### Directions for this task
Collect every line of the records below that contains the word "through".

Extracted records
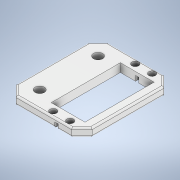
# Autodesk Inventor part: base1
Saved by Autodesk Inventor 2022 (Build 260153000, 153)
## iProperties
Created: 2022-06-14
Part Number: base1
Material: ABS プラスチック
Document SubType Name: Modeling
Designer: yuto6
Density: 1.06 g/cm^3
Appearance: 滑らか - 白
Author: yuto6
Autodesk Inventor part; units mm, degrees
ref_plane "YZ Plane" through (0, 0, 0) normal (1, 0, 0) x (0, 1, 0)
ref_plane "XZ Plane" through (0, 0, 0) normal (0, 1, 0) x (-1, 0, 0)
ref_plane "XY Plane" through (0, 0, 0) normal (0, 0, 1) x (1, 0, 0)
sketch "スケッチ1" plane through (0, 0, 0) normal (0, 1, 0) x (-1, 0, 0)
  line L0 (22.5, -27.3) -> (-22.5, -27.3)
  line L1 (-22.5, -27.3) -> (-22.5, 27.3)
  line L2 (-22.5, 27.3) -> (22.5, 27.3)
  line L3 (22.5, 27.3) -> (22.5, -27.3)
  line L4 (22.5, -27.3) -> (-22.5, 27.3) construction
  line L5 (-22.5, -27.3) -> (22.5, 27.3) construction
  point P0 (0, 0)
  dimension "d0" = 45
  dimension "d1" = 54.6
  constraints: 12 end point, 2 midpoint, 2 parallel, 1 horizontal, 1 perpendicular
  measures "d0" distance of L1.end L2.end
  measures "d1" distance of L2.end L0.start
extrude "押し出し1" add sketch "スケッチ1" along normal blind 5
sketch "スケッチ2" plane through (0, 5, 0) normal (0, 1, 0) x (1, 0, 0)
  line L0 (-22.5, 27.3) -> (-22.5, -27.3) projected
  line L1 (-22.5, -27.3) -> (22.5, -27.3) projected
  line L2 (22.5, 27.3) -> (-22.5, 27.3) projected
  point P0 (0, 0)
  point P1 (-12.5, -17.3)
  point P2 (-12.5, 17.3)
  dimension "d4" = 10
  dimension "d5" = 10
  dimension "d6" = 10
  constraints: 1 vertical alignment
  measures "d4" distance from line of L0 point (-12.5, -17.3)
  measures "d5" distance from line of L1 point (-12.5, -17.3)
  measures "d6" distance from line of L2 point (-12.5, 17.3)
hole "穴1" at (-12.5, 5, 17.3) at (-12.5, 5, -17.3) direction (0, -1, 0) diameter 5.5 end through all clearance for "Flat Head Machine Screw" size "M5" standard "Ansi Metric M Profile"
sketch "スケッチ3" plane through (0, 5, 0) normal (0, 1, 0) x (1, 0, 0)
  line L0 (-2.5, 20.5) -> (17.5, 20.5)
  line L1 (17.5, 20.5) -> (17.5, -20.5)
  line L2 (17.5, -20.5) -> (-2.5, -20.5)
  line L3 (-2.5, -20.5) -> (-2.5, 20.5)
  line L4 (-2.5, 20.5) -> (17.5, -20.5) construction
  line L5 (17.5, 20.5) -> (-2.5, -20.5) construction
  line L6 (22.5, -27.3) -> (22.5, 27.3) projected
  circle A0 centre (2.5, -24.3) radius 2
  circle A1 centre (2.5, 24.3) radius 2
  circle A2 centre (12.5, 24.3) radius 2
  circle A3 centre (12.5, -24.3) radius 2
  point P0 (0, 0)
  point P1 (7.5, 0)
  point P2 (7.5, 0)
  dimension "d14" = 5
  dimension "d15" = 41
  dimension "d16" = 20
  dimension "d17" = 24.3
  dimension "d18" = 5
  dimension "d19" = 4
  dimension "d22" = 48.6
  dimension "d29" = 10
  constraints: 12 end point, 4 centre point, 3 midpoint, 2 horizontal, 2 parallel, 1 coincident, 1 horizontal alignment, 1 perpendicular, 1 vertical, 6 other
  measures "d14" distance between parallel lines of L6 L1
  measures "d15" distance of L0.end L1.end
  measures "d16" distance of L1.end L2.end
  measures "d17" vertical distance of point (7.5, 0) point (2.5, -24.3)
  measures "d18" horizontal distance of point (7.5, 0) point (2.5, -24.3)
  measures "d19" diameter of A0
  measures "d22" distance of A0.centre A1.centre
  measures "d29" distance of A1.centre A2.centre
extrude "押し出し2" cut sketch "スケッチ3" against normal through all
sketch "スケッチ4" plane through (0, 0, 0) normal (0, -1, 0) x (1, 0, 0)
  line L0 (8.5, -35) -> (6.5, -35)
  line L1 (6.5, -35) -> (6.5, 35)
  line L2 (6.5, 35) -> (8.5, 35)
  line L3 (8.5, 35) -> (8.5, -35)
  line L4 (8.5, -35) -> (6.5, 35) construction
  line L5 (6.5, -35) -> (8.5, 35) construction
  line L6 (17.5, -20.5) -> (-2.5, -20.5) projected
  point P0 (0, 0)
  point P1 (7.5, 0)
  point P2 (7.5, -20.5)
  point P3 (7.5, 0)
  point P4 (6.5, -20.5)
  point P5 (8.5, -20.5)
  dimension "d36" = 2
  dimension "d37" = 70
  constraints: 12 end point, 4 midpoint, 2 parallel, 1 horizontal, 1 perpendicular, 1 vertical alignment
  measures "d36" distance of L1.end L2.end
  measures "d37" distance of L2.end L0.start
extrude "押し出し3" cut sketch "スケッチ4" against normal blind 3
chamfer "面取り1" distance 6 angle 45 4 edges at (22.5, 2.5, -27.3) (22.5, 2.5, 27.3) (-22.5, 2.5, -27.3) (-22.5, 2.5, 27.3)
fillet "フィレット1" radius 1 18 edges at (-22.5, 5, 0) (0, 5, 27.3) (-19.5, 5, 24.3) (19.5, 5, 24.3) (22.5, 5, 0) (19.5, 5, -24.3) (0, 5, -27.3) (-19.5, 5, -24.3) (-22.5, 0, 0) (-19.5, 0, 24.3) (-5, 0, 27.3) (12.5, 0, 27.3) (19.5, 0, 24.3) (22.5, 0, 0) (19.5, 0, -24.3) (12.5, 0, -27.3) (-5, 0, -27.3) (-19.5, 0, -24.3)
equation "\"d6\" = d5"
equation "\"d22\" = 2 * d17"
equation "\"d29\" = 2 * d18"

### Task response
ref_plane "YZ Plane" through (0, 0, 0) normal (1, 0, 0) x (0, 1, 0)
ref_plane "XZ Plane" through (0, 0, 0) normal (0, 1, 0) x (-1, 0, 0)
ref_plane "XY Plane" through (0, 0, 0) normal (0, 0, 1) x (1, 0, 0)
sketch "スケッチ1" plane through (0, 0, 0) normal (0, 1, 0) x (-1, 0, 0)
sketch "スケッチ2" plane through (0, 5, 0) normal (0, 1, 0) x (1, 0, 0)
hole "穴1" at (-12.5, 5, 17.3) at (-12.5, 5, -17.3) direction (0, -1, 0) diameter 5.5 end through all clearance for "Flat Head Machine Screw" size "M5" standard "Ansi Metric M Profile"
sketch "スケッチ3" plane through (0, 5, 0) normal (0, 1, 0) x (1, 0, 0)
extrude "押し出し2" cut sketch "スケッチ3" against normal through all
sketch "スケッチ4" plane through (0, 0, 0) normal (0, -1, 0) x (1, 0, 0)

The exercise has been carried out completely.